Question

If $\eta$ is the coefficient of viscosity and T is temperature in kelvin, a linear plot is obtained for

• A. $\eta$ vs T
• B. $\eta$ vs 1/T
• C. log $\eta$ vs 1/T
• D. $\eta$ vs log T

Answer 1

Answer: (C)

log $\eta$ vs 1/T

Answer 2

The viscosity ($\eta$) of a liquid is highly dependent on temperature (T). For most liquids, viscosity decreases exponentially with increasing temperature. This relationship is often described by an Arrhenius-type equation:

$\eta = A e^{E_a / RT}$

where:

• $\eta$ is the coefficient of viscosity
• A is a pre-exponential factor (a constant)
• $E_a$ is the activation energy for viscous flow
• R is the ideal gas constant
• T is the absolute temperature in Kelvin

To obtain a linear plot from this exponential relationship, we take the logarithm of both sides of the equation.

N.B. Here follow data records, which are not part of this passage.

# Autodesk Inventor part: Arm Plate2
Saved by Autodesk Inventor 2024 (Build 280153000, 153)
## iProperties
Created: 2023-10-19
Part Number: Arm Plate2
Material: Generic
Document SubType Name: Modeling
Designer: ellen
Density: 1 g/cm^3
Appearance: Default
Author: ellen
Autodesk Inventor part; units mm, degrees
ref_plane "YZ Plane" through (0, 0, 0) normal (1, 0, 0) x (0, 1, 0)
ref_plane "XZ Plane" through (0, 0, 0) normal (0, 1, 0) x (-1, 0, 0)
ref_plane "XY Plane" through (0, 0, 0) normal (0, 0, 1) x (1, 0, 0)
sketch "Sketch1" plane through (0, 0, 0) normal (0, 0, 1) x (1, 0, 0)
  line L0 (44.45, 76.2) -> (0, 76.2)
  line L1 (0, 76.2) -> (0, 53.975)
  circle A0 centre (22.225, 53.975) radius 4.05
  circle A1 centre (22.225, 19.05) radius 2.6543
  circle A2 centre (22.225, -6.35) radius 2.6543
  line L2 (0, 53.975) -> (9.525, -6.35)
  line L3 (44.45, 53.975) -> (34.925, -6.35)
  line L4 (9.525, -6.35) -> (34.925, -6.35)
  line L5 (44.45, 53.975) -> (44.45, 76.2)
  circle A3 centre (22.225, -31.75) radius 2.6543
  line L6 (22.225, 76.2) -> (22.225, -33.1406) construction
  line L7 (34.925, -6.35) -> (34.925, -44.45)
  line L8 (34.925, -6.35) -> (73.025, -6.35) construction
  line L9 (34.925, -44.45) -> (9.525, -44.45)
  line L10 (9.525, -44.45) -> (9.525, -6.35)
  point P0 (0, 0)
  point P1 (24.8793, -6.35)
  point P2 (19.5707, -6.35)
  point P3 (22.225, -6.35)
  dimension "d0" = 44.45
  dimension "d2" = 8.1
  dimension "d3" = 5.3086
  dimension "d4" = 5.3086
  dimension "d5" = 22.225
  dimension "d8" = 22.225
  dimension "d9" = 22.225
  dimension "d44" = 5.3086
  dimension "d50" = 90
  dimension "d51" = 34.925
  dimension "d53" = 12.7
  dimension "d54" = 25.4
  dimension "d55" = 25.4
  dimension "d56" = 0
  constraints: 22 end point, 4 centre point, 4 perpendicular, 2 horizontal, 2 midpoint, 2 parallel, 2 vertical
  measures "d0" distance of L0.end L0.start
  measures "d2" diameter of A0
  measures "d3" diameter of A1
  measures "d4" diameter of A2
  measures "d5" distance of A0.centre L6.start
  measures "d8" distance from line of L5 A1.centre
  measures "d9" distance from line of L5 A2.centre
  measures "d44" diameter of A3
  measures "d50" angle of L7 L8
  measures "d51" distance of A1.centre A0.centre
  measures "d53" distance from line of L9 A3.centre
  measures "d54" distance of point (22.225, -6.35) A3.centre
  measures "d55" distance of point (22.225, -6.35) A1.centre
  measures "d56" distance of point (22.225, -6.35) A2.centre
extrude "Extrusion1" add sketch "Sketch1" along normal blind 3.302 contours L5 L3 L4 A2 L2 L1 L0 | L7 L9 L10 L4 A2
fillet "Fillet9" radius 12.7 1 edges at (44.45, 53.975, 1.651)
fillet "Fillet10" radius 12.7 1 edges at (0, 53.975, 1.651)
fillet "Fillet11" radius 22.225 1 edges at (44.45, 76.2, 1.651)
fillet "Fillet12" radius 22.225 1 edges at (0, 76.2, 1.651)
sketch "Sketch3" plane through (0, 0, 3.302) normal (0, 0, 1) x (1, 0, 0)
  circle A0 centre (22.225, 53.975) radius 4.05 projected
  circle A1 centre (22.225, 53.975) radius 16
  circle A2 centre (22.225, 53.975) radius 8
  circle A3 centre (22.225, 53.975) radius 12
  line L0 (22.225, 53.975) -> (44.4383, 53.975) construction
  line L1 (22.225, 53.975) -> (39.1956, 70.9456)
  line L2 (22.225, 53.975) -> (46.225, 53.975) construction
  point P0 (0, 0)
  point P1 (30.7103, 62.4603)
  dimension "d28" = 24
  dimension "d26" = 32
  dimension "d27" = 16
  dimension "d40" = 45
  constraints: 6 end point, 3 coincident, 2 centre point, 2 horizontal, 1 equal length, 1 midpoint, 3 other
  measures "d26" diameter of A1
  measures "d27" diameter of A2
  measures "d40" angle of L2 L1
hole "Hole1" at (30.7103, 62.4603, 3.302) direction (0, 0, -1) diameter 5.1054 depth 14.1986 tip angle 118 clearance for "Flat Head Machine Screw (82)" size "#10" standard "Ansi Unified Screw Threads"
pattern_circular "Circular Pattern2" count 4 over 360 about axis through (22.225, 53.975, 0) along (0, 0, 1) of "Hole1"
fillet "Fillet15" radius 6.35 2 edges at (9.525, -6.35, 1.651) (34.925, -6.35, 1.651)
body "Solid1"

Taking the natural logarithm ($\ln$):

$\ln \eta = \ln (A e^{E_a / RT})$

$\ln \eta = \ln A + \ln (e^{E_a / RT})$

$\ln \eta = \ln A + \frac{E_a}{RT}$

This equation can be rearranged into the form of a straight line, $y = mx + c$:

$\ln \eta = \left(\frac{E_a}{R}\right) \left(\frac{1}{T}\right) + \ln A$

Here, if we plot:

• $y = \ln \eta$ (or $\log \eta$, as $\log_{10} \eta = \frac{\ln \eta}{\ln 10}$ also yields a linear plot)
• $x = \frac{1}{T}$

The plot will be a straight line with:

• Slope ($m$) $= \frac{E_a}{R}$
• Y-intercept ($c$) $= \ln A$

Therefore, a linear plot is obtained when log $\eta$ is plotted against 1/T.